-------- Data supplied --------

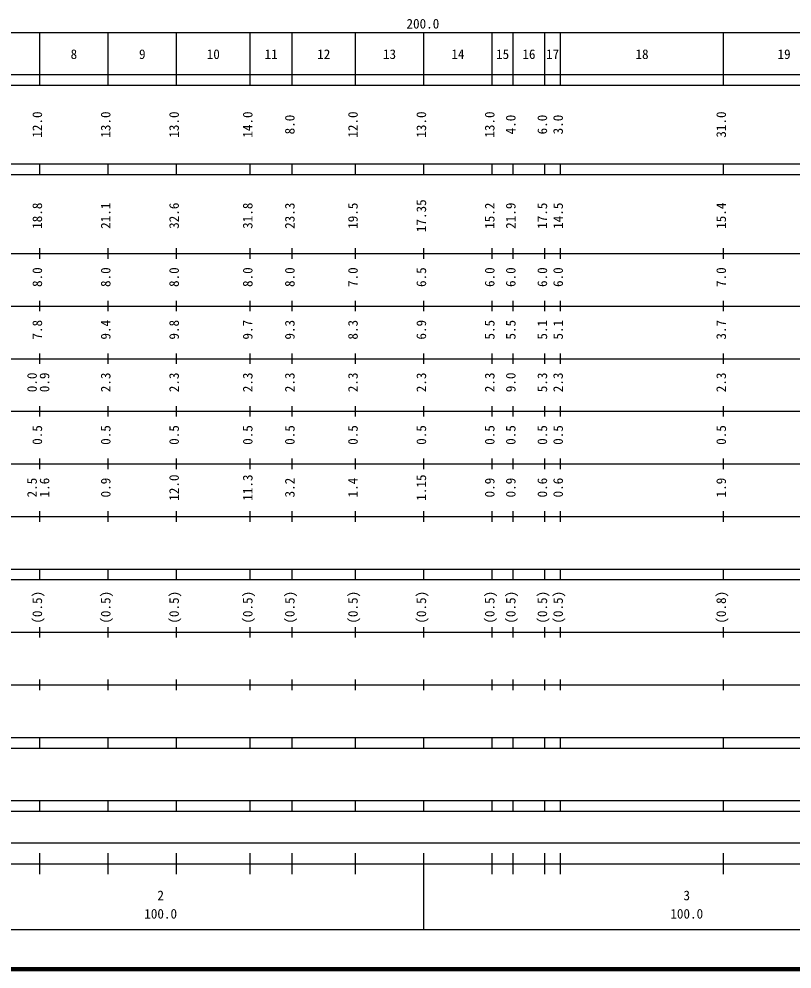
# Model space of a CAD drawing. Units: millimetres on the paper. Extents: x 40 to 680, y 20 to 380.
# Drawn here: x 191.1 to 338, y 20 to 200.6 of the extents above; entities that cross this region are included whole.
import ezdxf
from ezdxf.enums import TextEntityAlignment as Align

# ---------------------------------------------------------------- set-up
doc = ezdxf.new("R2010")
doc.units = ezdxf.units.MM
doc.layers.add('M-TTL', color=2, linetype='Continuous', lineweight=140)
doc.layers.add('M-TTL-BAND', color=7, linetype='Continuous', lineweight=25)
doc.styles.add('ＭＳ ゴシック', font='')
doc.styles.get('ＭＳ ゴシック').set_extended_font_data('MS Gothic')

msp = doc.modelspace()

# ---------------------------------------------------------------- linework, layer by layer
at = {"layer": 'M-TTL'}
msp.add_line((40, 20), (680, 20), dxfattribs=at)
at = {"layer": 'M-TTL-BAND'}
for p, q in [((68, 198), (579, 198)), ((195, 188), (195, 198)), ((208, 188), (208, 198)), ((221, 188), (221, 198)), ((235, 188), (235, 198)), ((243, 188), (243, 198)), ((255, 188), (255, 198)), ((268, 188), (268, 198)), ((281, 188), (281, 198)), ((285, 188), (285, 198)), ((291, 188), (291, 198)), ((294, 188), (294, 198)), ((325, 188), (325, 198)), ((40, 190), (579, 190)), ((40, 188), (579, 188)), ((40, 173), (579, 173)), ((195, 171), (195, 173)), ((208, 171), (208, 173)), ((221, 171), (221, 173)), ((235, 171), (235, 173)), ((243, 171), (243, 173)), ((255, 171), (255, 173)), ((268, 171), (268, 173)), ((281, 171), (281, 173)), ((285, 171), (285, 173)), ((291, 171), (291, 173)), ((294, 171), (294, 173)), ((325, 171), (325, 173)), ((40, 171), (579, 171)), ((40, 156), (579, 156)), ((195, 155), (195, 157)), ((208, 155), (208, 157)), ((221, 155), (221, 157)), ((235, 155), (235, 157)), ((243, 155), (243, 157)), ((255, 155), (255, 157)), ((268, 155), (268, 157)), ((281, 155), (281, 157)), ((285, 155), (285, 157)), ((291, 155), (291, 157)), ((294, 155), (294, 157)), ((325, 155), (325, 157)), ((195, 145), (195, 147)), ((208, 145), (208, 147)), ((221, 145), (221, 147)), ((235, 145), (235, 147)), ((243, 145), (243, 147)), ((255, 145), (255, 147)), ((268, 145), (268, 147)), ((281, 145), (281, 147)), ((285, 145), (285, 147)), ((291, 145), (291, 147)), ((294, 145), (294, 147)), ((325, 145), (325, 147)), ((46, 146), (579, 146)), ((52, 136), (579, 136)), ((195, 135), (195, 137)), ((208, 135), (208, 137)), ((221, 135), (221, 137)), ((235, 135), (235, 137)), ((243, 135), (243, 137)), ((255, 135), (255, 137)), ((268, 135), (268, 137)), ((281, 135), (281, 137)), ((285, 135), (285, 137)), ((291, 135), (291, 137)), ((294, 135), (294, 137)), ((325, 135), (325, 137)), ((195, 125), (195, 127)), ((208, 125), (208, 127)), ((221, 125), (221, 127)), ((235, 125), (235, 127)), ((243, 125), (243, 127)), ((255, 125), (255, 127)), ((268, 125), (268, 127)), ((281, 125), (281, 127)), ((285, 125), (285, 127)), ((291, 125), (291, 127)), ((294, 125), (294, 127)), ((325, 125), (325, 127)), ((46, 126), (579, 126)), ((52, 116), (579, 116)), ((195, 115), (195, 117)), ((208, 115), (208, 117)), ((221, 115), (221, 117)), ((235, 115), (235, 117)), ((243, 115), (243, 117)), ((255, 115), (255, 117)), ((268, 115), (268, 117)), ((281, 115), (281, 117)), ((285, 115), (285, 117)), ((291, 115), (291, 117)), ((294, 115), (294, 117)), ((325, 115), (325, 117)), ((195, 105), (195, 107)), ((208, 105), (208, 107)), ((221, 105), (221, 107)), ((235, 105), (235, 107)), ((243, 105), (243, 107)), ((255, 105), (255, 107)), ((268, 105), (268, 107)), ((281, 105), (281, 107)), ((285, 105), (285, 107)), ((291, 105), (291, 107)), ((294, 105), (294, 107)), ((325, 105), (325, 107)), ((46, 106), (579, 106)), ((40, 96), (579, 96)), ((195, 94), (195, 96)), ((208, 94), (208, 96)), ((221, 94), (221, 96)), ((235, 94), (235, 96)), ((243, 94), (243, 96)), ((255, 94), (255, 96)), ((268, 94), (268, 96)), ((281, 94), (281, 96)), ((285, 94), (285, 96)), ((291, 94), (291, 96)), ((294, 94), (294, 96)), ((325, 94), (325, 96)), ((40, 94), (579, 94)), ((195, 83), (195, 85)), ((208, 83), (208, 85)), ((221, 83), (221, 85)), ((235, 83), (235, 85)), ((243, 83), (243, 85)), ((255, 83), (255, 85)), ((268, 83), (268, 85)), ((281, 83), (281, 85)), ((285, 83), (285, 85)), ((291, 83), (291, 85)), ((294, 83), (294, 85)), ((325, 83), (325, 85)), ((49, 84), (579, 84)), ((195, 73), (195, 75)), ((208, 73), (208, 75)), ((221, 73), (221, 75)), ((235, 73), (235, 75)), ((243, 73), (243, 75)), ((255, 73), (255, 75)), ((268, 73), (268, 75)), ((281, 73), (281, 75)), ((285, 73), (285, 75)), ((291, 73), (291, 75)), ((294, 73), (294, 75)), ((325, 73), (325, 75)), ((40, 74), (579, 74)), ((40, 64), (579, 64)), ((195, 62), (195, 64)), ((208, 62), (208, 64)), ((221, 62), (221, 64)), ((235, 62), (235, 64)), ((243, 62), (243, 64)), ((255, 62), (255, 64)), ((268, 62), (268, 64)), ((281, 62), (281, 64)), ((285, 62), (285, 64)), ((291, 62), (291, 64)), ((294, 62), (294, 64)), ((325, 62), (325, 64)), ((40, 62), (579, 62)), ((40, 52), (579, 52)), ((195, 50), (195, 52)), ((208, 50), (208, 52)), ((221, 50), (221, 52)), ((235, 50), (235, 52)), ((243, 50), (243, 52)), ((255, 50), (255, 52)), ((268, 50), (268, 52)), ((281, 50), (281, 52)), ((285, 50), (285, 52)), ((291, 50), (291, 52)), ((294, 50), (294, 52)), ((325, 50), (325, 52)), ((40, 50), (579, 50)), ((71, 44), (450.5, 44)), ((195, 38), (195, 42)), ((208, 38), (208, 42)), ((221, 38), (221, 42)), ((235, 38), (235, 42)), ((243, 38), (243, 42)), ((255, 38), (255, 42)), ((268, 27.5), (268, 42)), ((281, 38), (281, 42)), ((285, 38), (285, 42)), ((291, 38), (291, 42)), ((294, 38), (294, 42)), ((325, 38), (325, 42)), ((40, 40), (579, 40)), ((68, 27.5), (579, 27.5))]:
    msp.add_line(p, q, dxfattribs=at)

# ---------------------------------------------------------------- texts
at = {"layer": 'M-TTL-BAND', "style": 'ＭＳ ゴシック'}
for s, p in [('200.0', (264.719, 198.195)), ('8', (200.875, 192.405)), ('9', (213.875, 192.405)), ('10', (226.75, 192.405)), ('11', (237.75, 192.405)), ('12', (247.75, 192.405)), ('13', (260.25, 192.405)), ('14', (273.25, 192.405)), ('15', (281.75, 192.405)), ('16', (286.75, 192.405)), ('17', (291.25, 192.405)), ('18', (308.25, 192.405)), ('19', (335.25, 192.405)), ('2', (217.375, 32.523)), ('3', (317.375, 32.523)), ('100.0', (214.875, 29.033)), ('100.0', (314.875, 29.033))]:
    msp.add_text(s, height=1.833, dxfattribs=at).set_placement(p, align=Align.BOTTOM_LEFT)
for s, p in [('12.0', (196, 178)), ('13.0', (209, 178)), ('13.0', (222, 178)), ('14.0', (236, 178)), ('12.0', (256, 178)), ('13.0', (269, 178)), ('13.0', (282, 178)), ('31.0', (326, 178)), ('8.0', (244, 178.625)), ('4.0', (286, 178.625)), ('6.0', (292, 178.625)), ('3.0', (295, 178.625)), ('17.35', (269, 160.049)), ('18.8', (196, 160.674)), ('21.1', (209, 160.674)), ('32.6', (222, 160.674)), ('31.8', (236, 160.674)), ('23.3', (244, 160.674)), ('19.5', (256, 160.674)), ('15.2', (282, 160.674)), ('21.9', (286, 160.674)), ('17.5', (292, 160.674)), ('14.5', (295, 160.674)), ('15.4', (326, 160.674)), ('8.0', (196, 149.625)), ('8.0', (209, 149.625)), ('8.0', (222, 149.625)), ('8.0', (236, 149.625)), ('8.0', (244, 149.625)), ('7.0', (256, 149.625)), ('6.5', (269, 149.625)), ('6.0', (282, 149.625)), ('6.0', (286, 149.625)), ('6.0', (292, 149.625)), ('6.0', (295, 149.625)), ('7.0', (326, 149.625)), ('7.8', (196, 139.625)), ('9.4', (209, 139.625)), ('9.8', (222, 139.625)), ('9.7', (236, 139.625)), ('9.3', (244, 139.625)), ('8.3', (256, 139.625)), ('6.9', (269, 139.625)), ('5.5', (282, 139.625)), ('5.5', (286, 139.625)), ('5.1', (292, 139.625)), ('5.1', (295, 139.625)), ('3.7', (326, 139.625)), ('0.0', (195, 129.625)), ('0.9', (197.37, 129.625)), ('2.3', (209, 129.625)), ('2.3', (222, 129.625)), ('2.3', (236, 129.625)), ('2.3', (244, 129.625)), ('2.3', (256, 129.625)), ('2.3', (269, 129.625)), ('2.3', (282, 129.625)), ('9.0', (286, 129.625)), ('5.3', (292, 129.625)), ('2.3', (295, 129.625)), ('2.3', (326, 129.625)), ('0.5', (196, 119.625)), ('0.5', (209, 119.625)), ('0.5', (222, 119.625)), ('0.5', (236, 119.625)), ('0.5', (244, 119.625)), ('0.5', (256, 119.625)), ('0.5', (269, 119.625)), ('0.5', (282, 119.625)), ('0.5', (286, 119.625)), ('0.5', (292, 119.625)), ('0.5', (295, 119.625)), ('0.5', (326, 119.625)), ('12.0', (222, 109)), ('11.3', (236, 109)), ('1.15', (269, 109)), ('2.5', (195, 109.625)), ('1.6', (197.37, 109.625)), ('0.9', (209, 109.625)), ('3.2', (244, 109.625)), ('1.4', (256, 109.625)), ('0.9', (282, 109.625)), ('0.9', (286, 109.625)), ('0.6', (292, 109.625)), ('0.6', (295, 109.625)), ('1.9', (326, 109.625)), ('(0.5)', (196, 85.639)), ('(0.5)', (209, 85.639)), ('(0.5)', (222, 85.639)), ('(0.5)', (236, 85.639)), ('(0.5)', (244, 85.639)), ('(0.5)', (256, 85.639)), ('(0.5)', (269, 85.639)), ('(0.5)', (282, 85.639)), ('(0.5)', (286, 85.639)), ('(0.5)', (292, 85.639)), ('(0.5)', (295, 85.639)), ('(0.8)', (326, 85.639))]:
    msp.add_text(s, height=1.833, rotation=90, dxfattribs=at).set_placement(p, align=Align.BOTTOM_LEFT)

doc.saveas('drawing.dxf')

--------

### Assigned task
The reply should hold only the lines of the listing above starting at the line containing "from ezdxf.enums import" and ending at the line containing "color=2, linetype='Continuous', lineweight=140)", exactly as written.

### Exercise solution
from ezdxf.enums import TextEntityAlignment as Align

# ---------------------------------------------------------------- set-up
doc = ezdxf.new("R2010")
doc.units = ezdxf.units.MM
doc.layers.add('M-TTL', color=2, linetype='Continuous', lineweight=140)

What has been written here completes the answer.